Development of the Network
The review of the educational technology literature and existing classroom technologies revealed that choosing an appropriate system for producing and sharing video presentations for teachers is not easy. There is a wide range of what is known as “conversion”, “presentation recording”, “screen casting”, “lesson capture”, and “lecture capture” technologies available and used today. These technologies range from very simple converter software to highly sophisticated capture stations with multiple cameras and dedicated computers. The majority of these solutions are either sophisticated applications designed for advanced university settings, and intended for large scale distribution. None of these solutions has been developed specifically with teachers’ needs in mind.
Therefore, faculty members will not be able to integrate any of these technologies into their classroom practices. Even when a basic level of sophistication has been decided on, there are many offerings with very similar feature sets that make choosing one somewhat difficult. This situation has placed an emphasis on the need to use a simple but usable solution specifically for producing effective video presentations for teachers. The solution should leverage existing technology that can be directly administered by instructors without the need of significant support services, and accommodate the technical differences among instructors along with the pedagogical and psychological principles of multimedia design.
The general design principles of the system are derived from the experience of the developer and grounded in results from the literature in e-learning, multimedia learning, and software design. In addition, many existing solutions, as mentioned above, are reviewed and analyzed to learn from their characteristics in the design of the proposed solution. The review revealed many important principles, guidelines, and features for consideration in designing the proposed solution. Examples of these findings are:
Research indicated that the skill level required to produce videos and make them available should be fairly minimal without the need for significant support services. In addition, the solution should make videos available as soon as possible after a class without further manipulation or editing before they are available for viewing, since most students need to watch the video for a few hours of a given lecture.

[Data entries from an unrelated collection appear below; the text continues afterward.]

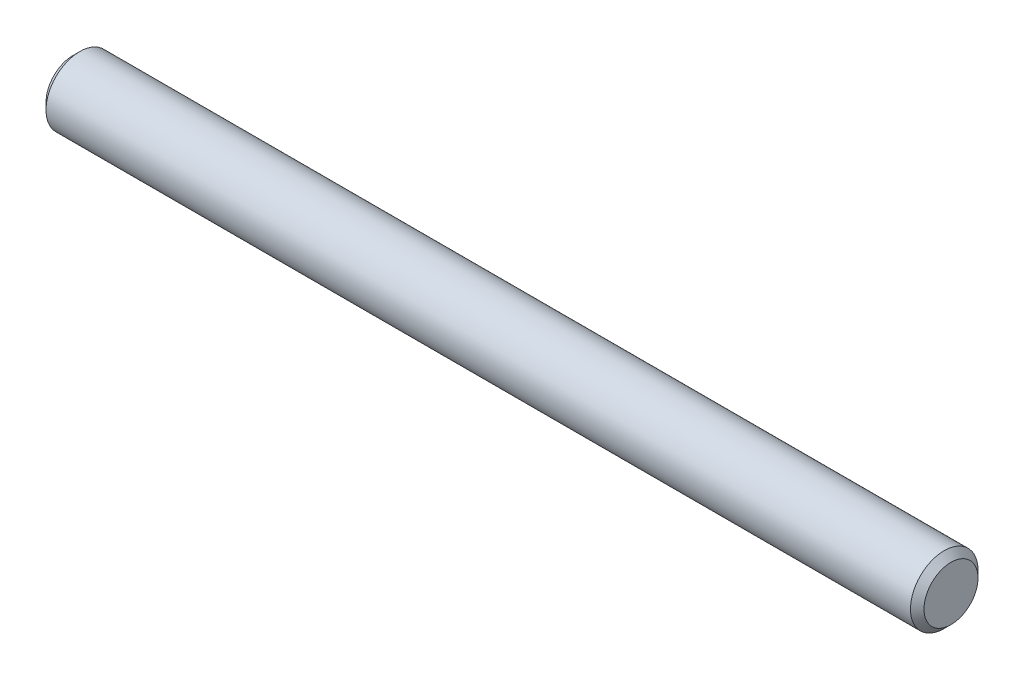
from build123d import *

# Parameters (mm, degrees)
SKETCH2_R           = 1.5875
EXTRUDE1_DEPTH      = 20.6375
EXTRUDE1_DEPTH_BACK = 20.6375
CHAMFER1_SIZE       = 0.3175


with BuildPart() as part:
    # Sketch2 → Extrude1 (new body, two sides)
    with BuildSketch(Plane(origin=(0, 0, 0), x_dir=(0, 0, -1), z_dir=(1, 0, 0))) as extrude1_sk:
        Circle(SKETCH2_R)
    extrude(amount=EXTRUDE1_DEPTH)
    extrude(extrude1_sk.sketch, amount=-EXTRUDE1_DEPTH_BACK)

    # Chamfer1
    chamfer1_edges = [part.edges().sort_by_distance(p)[0] for p in [
        (-20.6375, 0, 1.5875),
        (20.6375, 0, 1.5875),
    ]]
    chamfer(chamfer1_edges, length=CHAMFER1_SIZE)


solid = part.part

Multimedia research emphasized that the system must combine audio, video (via digital camera or webcam), and slides simultaneously into a single video frame. Overall, the solution should synchronize PowerPoint slides, freehand drawing and typing, and the instructor’s audio and video into a single video frame that students can view outside of classroom. The output should be produced in a standard and high-quality output format capable of running on any computer or mobile device.
The design of the network
Overcoming the limits of working memory (cognitive load theory) requires presenting part of the information being taught in a visual mode and part of it in a verbal mode. Presenting lesson information in both visual and verbal formats helps students to construct their own knowledge and retrieve information more easily in the future.
The concept of video presence and personalized narration within multimedia environments. Research indicated that although displaying the video of the presenter along with the slides creates a visual distraction, taking students’ attention away from the visual information in the slides, the presence of the in instructor view is important to give students a sense of interacting with the teacher (sense of social presence) while watching the video lesson and may improve learning outcomes.